Corporate Highlights

  • Isis executed its business strategy by successfully monetizing a key asset.
    • Isis sold its Ibis subsidiary to AMI.  
  • Isis benefited financially as its partners advanced drugs in development.  
  • Isis received $11 million in milestone and sublicensing fees.
  • Isis also benefited from its partnerships focused on developing and advancing certain RNA-based therapeutic technologies, receiving nearly $13 million in total.  

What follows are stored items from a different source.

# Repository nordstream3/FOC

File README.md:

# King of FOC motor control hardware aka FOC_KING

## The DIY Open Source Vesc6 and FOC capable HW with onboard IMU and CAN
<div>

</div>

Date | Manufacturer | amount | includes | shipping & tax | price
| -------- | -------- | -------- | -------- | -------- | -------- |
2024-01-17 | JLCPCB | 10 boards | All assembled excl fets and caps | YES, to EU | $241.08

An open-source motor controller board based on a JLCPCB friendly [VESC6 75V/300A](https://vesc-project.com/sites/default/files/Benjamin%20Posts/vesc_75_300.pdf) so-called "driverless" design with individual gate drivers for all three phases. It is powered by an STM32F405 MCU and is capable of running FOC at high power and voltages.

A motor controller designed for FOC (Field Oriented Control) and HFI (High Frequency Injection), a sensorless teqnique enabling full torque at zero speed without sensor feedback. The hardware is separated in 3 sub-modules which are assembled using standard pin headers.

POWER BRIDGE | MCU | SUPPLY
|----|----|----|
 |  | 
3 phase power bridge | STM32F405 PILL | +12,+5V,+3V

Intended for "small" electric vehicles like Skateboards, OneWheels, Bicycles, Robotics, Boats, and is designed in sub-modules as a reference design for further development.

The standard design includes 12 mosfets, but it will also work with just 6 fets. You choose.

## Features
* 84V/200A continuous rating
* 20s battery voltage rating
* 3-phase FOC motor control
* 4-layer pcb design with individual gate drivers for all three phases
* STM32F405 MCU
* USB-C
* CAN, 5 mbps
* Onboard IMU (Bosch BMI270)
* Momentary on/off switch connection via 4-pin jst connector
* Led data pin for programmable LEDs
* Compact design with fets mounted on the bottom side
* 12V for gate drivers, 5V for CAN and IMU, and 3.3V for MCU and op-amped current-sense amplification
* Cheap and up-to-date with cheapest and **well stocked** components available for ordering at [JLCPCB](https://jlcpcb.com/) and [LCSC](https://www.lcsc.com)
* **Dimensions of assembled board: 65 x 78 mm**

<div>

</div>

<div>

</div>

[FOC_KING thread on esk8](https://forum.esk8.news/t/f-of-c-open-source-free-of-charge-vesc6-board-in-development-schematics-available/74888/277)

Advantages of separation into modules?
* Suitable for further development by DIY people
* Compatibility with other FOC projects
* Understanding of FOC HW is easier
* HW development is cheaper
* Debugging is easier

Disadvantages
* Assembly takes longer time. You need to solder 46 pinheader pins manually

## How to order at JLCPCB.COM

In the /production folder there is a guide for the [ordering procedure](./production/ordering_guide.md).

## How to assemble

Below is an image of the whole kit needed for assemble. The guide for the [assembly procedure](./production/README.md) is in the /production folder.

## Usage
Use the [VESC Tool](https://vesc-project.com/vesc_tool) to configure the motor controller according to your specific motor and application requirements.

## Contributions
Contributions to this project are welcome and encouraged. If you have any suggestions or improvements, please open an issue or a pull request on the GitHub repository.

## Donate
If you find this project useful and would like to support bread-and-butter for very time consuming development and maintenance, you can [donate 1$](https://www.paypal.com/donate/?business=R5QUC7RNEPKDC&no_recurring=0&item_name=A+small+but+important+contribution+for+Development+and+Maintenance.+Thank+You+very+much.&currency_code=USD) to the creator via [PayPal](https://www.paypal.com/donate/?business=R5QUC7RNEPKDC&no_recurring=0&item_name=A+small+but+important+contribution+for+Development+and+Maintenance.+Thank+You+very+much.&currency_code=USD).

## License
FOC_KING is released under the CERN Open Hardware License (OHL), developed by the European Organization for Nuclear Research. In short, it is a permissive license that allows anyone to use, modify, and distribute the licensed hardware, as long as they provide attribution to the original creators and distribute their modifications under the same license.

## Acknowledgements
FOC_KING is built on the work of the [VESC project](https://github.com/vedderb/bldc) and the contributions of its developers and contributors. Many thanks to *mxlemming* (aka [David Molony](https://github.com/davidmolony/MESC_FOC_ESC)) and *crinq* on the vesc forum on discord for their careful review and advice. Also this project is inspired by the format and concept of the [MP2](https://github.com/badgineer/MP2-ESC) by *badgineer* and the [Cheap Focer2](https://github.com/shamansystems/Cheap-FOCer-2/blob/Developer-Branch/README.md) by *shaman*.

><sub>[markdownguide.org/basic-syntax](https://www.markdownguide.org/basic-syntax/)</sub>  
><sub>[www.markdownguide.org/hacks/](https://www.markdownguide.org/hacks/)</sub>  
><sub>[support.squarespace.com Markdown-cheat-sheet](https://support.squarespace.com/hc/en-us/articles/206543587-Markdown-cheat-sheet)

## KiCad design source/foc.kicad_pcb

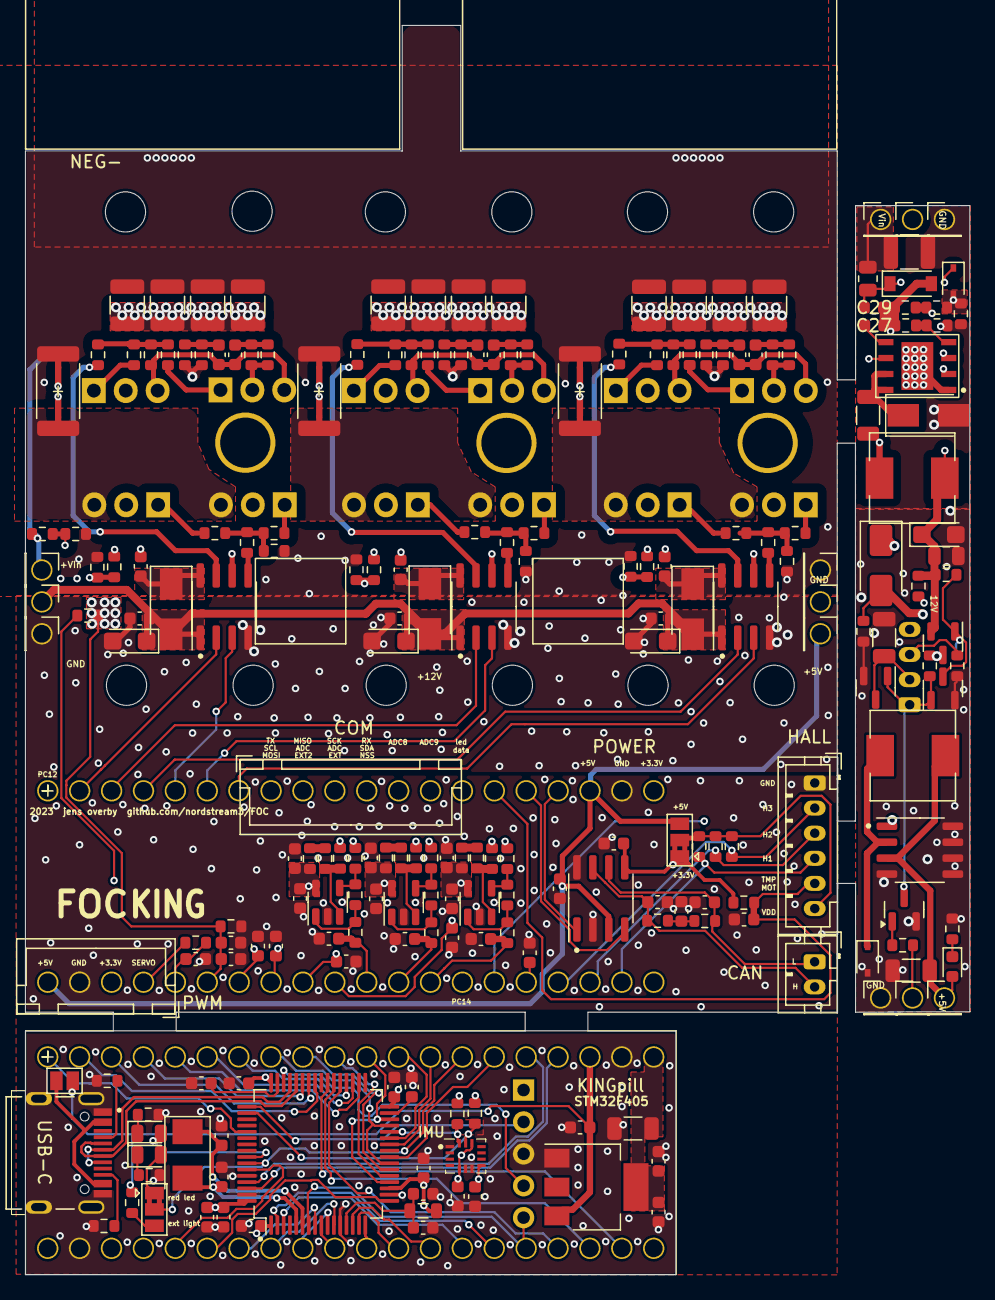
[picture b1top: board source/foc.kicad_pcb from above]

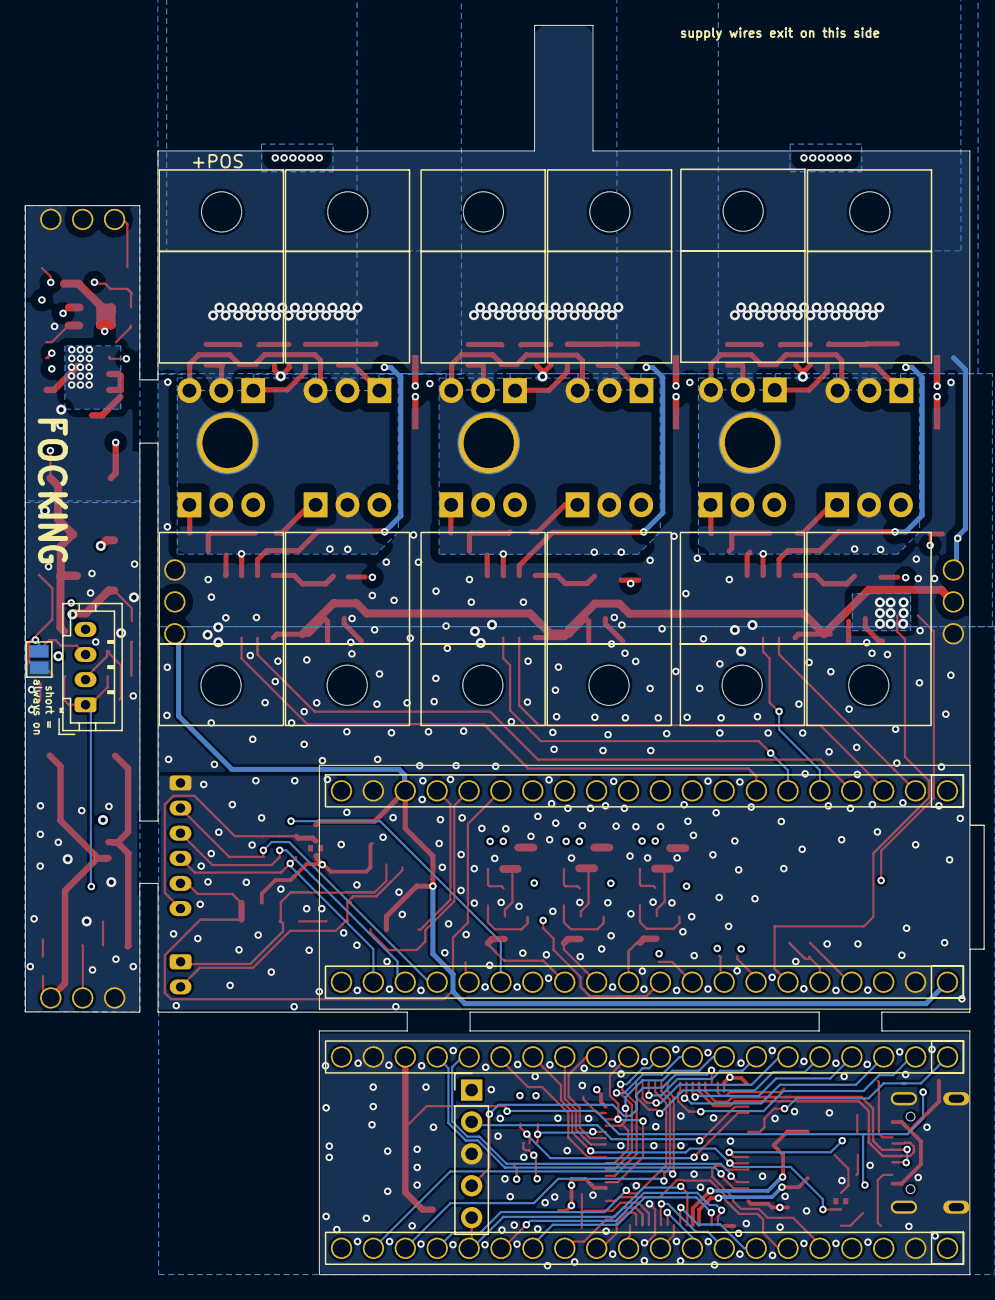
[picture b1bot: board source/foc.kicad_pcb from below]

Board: 4 copper layers, 75.2 x 99.5 mm, 259 parts (20 on the bottom side), 133 nets.

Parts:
C1, C40, C41, C50, C51, C59, C60: 4.7n; C_0603_1608Metric
C2, C3, C12, C18, C22: 100p; C_0603_1608Metric
C4, C7, C11, C15, C16, C19, C25, C27, C29, C33, C42, C45, C52, C64, C65: 2.2u; C_0603_1608Metric
C5, C6, C10, C21, C34, C43, C53, C61, C62, C63, C66, C67, C69, C72, C74: 100n; C_0603_1608Metric
C8, C13, C23: 100u@6.3V; C_1206_3216Metric
C9, C17, C24, C32: 10u; CP_EIA-3216-10_Kemet-I
C14, C20, C28, C75: 10u; C_0603_1608Metric
C26, C36, C37, C38, C39, C46, C47, C48, C49, C55, C56, C57, C58: 4.7u 100V; C_1210_3225Metric
C30, C70: 10n; C_0603_1608Metric
C31: 22u; C_0805_2012Metric
C35, C44, C54: 1n; C_0603_1608Metric
C68: 1u; C_0603_1608Metric
C71, C73: 12p; C_0603_1608Metric
CYA0650-68UH1, CYA0650-68UH2: 68uH; L_6.6x7.2_H5.0_CYA0650_68UH
D1, D2, D4, D7: US1M; D_SMA
D3: 1N5819; D_SOD-323
D5: 1N4148WS; D_SOD-323
D6: MM1W18 1W18V zener; D_SOD-123
D8: SS210; D_SMA
D9: RED; LED_0805_2012Metric
D10: GREEN; LED_0805_2012Metric
D11: WHT; LED_0603_1608Metric
H1, H2, H3, H4, H5, H6, H7, H8, H9, H10, H11, H12: MountingHole; MountingHole_3.2mm_M3
H13: Phase_A_Pad; MountingHole_3.5mm_Pad_TopOnly_custom
H14: Phase_B_Pad; MountingHole_3.5mm_Pad_TopOnly_custom
H15: Phase_C_Pad; MountingHole_3.5mm_Pad_TopOnly_custom
J1: Conn_01x02_Male; JST_PH_B2B-PH-K_1x02_P2.00mm_Vertical
J2: Conn_01x06; JST_PH_B6B-PH-K_1x06_P2.00mm_Vertical
J3: communication; JST_XH_B6B-XH-A_1x06_P2.50mm_Vertical
J4: on/off; JST_PH_B4B-PH-K_1x04_P2.00mm_Vertical
J5: servo; JST_XH_B4B-XH-A_1x04_P2.50mm_Vertical
J6: TYPE-C-31-M-12; HRO_TYPE-C-31-M-12
L1: 10n; L_0805_2012Metric
NT1, NT2, NT3, NT4, NT5, NT6: NetTie_2; NetTie-2_SMD_Pad0.5mm
P1, P2, P3, P4, P5, P6, P7, P8, P9, P10, P12, P13: SWD; PinHeader_1x01_P2.54mm_Vertical
P11: SWD; PinHeader_1x05_P2.54mm_Vertical
Q1: AO3401A; SOT-23
Q2, Q3, Q16: SS8050; SOT-23
Q4, Q5, Q6, Q7, Q8, Q9, Q10, Q11, Q12, Q13, Q14, Q15: CRST030N10N; TO-220-3_Vertical_bend
R1, R2, R3, R11, R15, R17, R19, R28: 2k; R_0603_1608Metric
R4, R5, R85: 100R; R_0603_1608Metric
R6, R13, R26, R86, R87: 5.1k; R_0603_1608Metric
R7, R10, R50, R88, R89: 10k; R_0603_1608Metric
R8, R9: 75k; R_0603_1608Metric
R12: 470k; R_0603_1608Metric
R14, R16, R18, R22, R23, R27, R38, R41, R58, R61, R76, R79: 56k @ 75V; R_0603_1608Metric
R20: 82k @ 150V; R_0805_2012Metric
R21, R24: 1k8; R_0603_1608Metric
R25: 0.1R; R_1206_3216Metric
R29, R47, R67: 150R; R_0603_1608Metric
R30, R49, R68: 30k; R_0603_1608Metric
R31, R32, R43, R44, R45, R46, R51, R52, R63, R64, R65, R66, R69, R70, R81, R82, R83, R84: 10R; R_0603_1608Metric
R33, R92, R93: 56k; R_0603_1608Metric
R34, R35, R54, R55, R72, R73, R96, R97: 1k; R_0603_1608Metric
R36, R37, R39, R40, R56, R57, R59, R60, R74, R75, R77, R78: 4.7R; R_0603_1608Metric
R42, R62, R80: 0.25mR; R_2512_6332Metric
R48: NTC 10k; R_0603_1608Metric
R53, R71, R91: 6.2k; R_0603_1608Metric
R90: 20k; R_0603_1608Metric
SW1, SW4: SW_SPDT; SolderJumper-3_P1.3mm_Bridged2Bar12_Pad1.0x1.5mm
SW2, SW3: SW_SPST; SolderJumper-2_P1.3mm_Open_Pad1.0x1.5mm
U1: TJA1051T/3/1J; SOIC-8_3.9x4.9mm_P1.27mm
U2: BMI270; Bosch_LGA-14_3x2.5mm_P0.5mm
U3: AMS1117-3.3; SOT-223-3_TabPin2
U4, U6, U7: IRS21867S; SOIC-8_3.9x4.9mm_P1.27mm
U5: XL1509-5.0E1; SOP-8_3.9x4.9mm_P1.27mm
U8: TX4130L/PW2902; TX4130L_ESOP-8
U9, U10, U11: MS8311; TSOT-23-5
U12, U13: STM32F401CCU6_Blackpill; Blackpill_STM32F401CEU6
U14: STM32F405RGT6; LQFP-64_10x10mm_P0.5mm
Y1: 8MHz Crystal Resonator, X50328MSB2GI; Crystal_SMD_5032-2Pin_5.0x3.2mm

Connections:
+5V: C4.1, C10.2, C23.1, CYA0650-68UH1.2, D11.2 (A), P4.1, P5.1, R11.1, SW1.3 (C), SW3.1 (A), U1.3 (VCC), U3.3 (VI), U5.3 (FB), U12.20 (5V), U12.38 (5V), U13.20 (5V), U13.38 (5V)
+12V: C9.1, C11.1, C17.1, C19.1, C24.1, C25.1, C31.1, C32.1, CYA0650-68UH2.2, D2.2 (A), D4.2 (A), D5.2 (A), D7.2 (A), P10.1, Q1.2 (S), R8.2, R12.2, R22.1, R26.2, U4.1 (VCC), U6.1 (VCC), U7.1 (VCC)
/driver/H1: U4.2 (HIN), U12.22 (PB13), U13.22 (PB13), U14.41 (PA8)
/driver/H2: U6.2 (HIN), U12.23 (PB14), U13.23 (PB14), U14.42 (PA9(OTG_FS_VBUS))
/driver/H3: U7.2 (HIN), U12.24 (PB15), U13.24 (PB15), U14.43 (PA10)
/driver/HO1: R31.2, U4.7 (HO)
/driver/HO2: R51.2, U6.7 (HO)
/driver/HO3: R69.2, U7.7 (HO)
/driver/HS1: C14.2, C40.1, C41.1, H13.1, Q4.3 (S), Q5.2 (D), Q6.3 (S), Q7.2 (D), R14.2, R38.1, U4.6 (VS)
/driver/HS2: C20.2, C50.1, C51.1, H14.1, Q8.3 (S), Q9.2 (D), Q10.3 (S), Q11.2 (D), R16.2, R58.1, U6.6 (VS)
/driver/HS3: C28.2, C59.1, C60.1, H15.1, Q12.3 (S), Q13.2 (D), Q14.3 (S), Q15.2 (D), R18.2, R76.1, U7.6 (VS)
/driver/L1: U4.3 (LIN), U12.25 (PA8), U13.25 (PA8), U14.34 (PB13(OTG_HS_VBUS))
/driver/L2: U6.3 (LIN), U12.26 (PA9), U13.26 (PA9), U14.35 (PB14)
/driver/L3: U7.3 (LIN), U12.27 (PA10), U13.27 (PA10), U14.36 (PB15)
/driver/LO1: R32.2, U4.5 (LO)
/driver/LO2: R52.2, U6.5 (LO)
/driver/LO3: R70.2, U7.5 (LO)
/driver/MCU_SHUTDOWN: P12.1, P13.1, R6.2, U12.6 (PA0), U13.6 (PA0), U14.2 (PC13_(RTC_AF1))
/driver/SENS_1: C12.2, R14.1, R15.1, U12.13 (PA7), U13.13 (PA7), U14.11 (PC3(ADC123_IN13))
/driver/SENS_2: C18.2, R16.1, R17.1, U12.12 (PA6), U13.12 (PA6), U14.10 (PC2(ADC123_IN12))
/driver/SENS_3: C22.2, R18.1, R19.1, U12.11 (PA5), U13.11 (PA5), U14.9 (PC1(ADC123_IN11))
/driver/SENS_SUPPLY: C30.1, R27.1, R28.1, U12.14 (PB0), U13.14 (PB0), U14.8 (PC0(ADC123_IN10))
/mcu/3.3VA: C68.1, C70.1, L1.2, U14.13 (VDDA)
/mcu/ADC_8: U12.33 (PB5), U13.33 (PB5), U14.26 (PB0(ADC12_IN8))
/mcu/ADC_9: U12.32 (PB4), U13.32 (PB4), U14.27 (PB1(ADC12_IN9))
/mcu/ADC_TEMP: C45.2, C62.1, R48.1, R50.2, U12.15 (PB1), U13.15 (PB1), U14.17 (PA3(ADC123_IN3))
/mcu/CAN_RX: U1.4 (RXD), U12.36 (PB8), U13.36 (PB8), U14.61 (PB8)
/mcu/CAN_TX: U1.1 (TXD), U12.37 (PB9), U13.37 (PB9), U14.62 (PB9)
/mcu/CURRENT_1: C35.1, R29.2, U12.10 (PA4), U13.10 (PA4), U14.16 (PA2(ADC123_IN2))
/mcu/CURRENT_2: C44.1, R47.2, U12.9 (PA3), U13.9 (PA3), U14.15 (PA1(ADC123_IN1))
/mcu/CURRENT_3: C54.1, R67.2, U12.8 (PA2), U13.8 (PA2), U14.14 (PA0(ADC123_IN0/WKUP))
/mcu/HALL_1: J2.4, R1.2, U12.2 (PC13), U13.2 (PC13), U14.39 (PC8)
/mcu/HALL_2: J2.3, R2.2, U12.3 (PC14), U13.3 (PC14), U14.38 (PC7)
/mcu/HALL_3: J2.2, R3.2, U12.4 (PC15), U13.4 (PC15), U14.37 (PC6)
/mcu/LED_GREEN: D10.2 (A), U14.57 (PB5)
/mcu/LED_RED: SW4.2 (B), U12.34 (PB6), U13.34 (PB6), U14.58 (PB6)
/mcu/MISO_ADC_EXT2: U12.29 (PA12), U13.29 (PA12), U14.22 (PA6(ADC12_IN6))
/mcu/NRST: C61.1, P11.5, U12.5 (NRST), U13.5 (NRST), U14.7 (NRST)
/mcu/PA15: R97.1, U2.13 (SCX), U14.50 (PA15(JTDI))
/mcu/PB2: R96.1, U2.14 (SDX), U14.28 (PB2-BOOT1)
/mcu/PC12: U12.21 (PB12), U13.21 (PB12), U14.53 (PC12)
/mcu/PC14: U12.7 (PA1), U13.7 (PA1), U14.3 (PC14-OSC32_IN)
/mcu/PH0: C71.1, U14.6 (PH1-OSC_OUT), Y1.1
/mcu/PH1: C73.1, U14.5 (PH0-OSC_IN), Y1.2
/mcu/RX_SDA_NSS: U12.31 (PB3), U13.31 (PB3), U14.20 (PA4(ADC12_IN4/DAC1_OUT)), U14.30 (PB11)
/mcu/SCK_ADC_EXT: U12.30 (PA15), U13.30 (PA15), U14.21 (PA5(ADC12_IN5/DAC2_OUT))
/mcu/SERVO: C63.1, R85.2, U12.16 (PB2), U13.16 (PB2), U14.59 (PB7)
/mcu/TEMP_MOTOR: C21.1, J2.5, R7.1, U12.35 (PB7), U13.35 (PB7), U14.24 (PC4(ADC12_IN14))
/mcu/TX_SCL_MOSI: U12.28 (PA11), U13.28 (PA11), U14.23 (PA7(ADC12_IN7)), U14.29 (PB10)
/mcu/USB_D+: J6.A6 (DP1), J6.B6 (DP2), U14.45 (PA12)
/mcu/USB_D-: J6.A7 (DN1), J6.B7 (DN2), U14.44 (PA11)
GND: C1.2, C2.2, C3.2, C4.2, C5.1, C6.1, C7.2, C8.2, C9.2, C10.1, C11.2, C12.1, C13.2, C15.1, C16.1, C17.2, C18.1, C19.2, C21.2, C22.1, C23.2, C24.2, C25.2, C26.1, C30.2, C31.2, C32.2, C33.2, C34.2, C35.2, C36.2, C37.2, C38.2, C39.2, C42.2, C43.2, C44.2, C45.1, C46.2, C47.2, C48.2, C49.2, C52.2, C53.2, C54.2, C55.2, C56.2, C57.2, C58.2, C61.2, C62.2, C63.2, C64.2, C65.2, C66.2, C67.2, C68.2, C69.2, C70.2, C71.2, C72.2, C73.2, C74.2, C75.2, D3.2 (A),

  • Isis supported its satellite company partners who are developing antisense drugs discovered by Isis for the treatment of a broad range of diseases by participating in the financings of iCo Therapeutics, Altair Therapeutics, Excaliard Pharmaceuticals, and Regulus Therapeutics.
  • Isis strengthened its intellectual property assets by obtaining patent grants and allowances that expand Isis' fundamental patents and increase protection of Isis' drugs in development.
    • Isis also exclusively licensed certain intellectual property from the University of Massachusetts to develop drugs to treat spinal muscular atrophy (SMA).  Funding support for the University of Massachusetts' research program responsible for creating this intellectual property was provided in part by Families of SMA.    
  • Regulus formed a new alliance with GSK to develop and commercialize microRNA therapeutics targeting miR-122 for hepatitis C viral infection.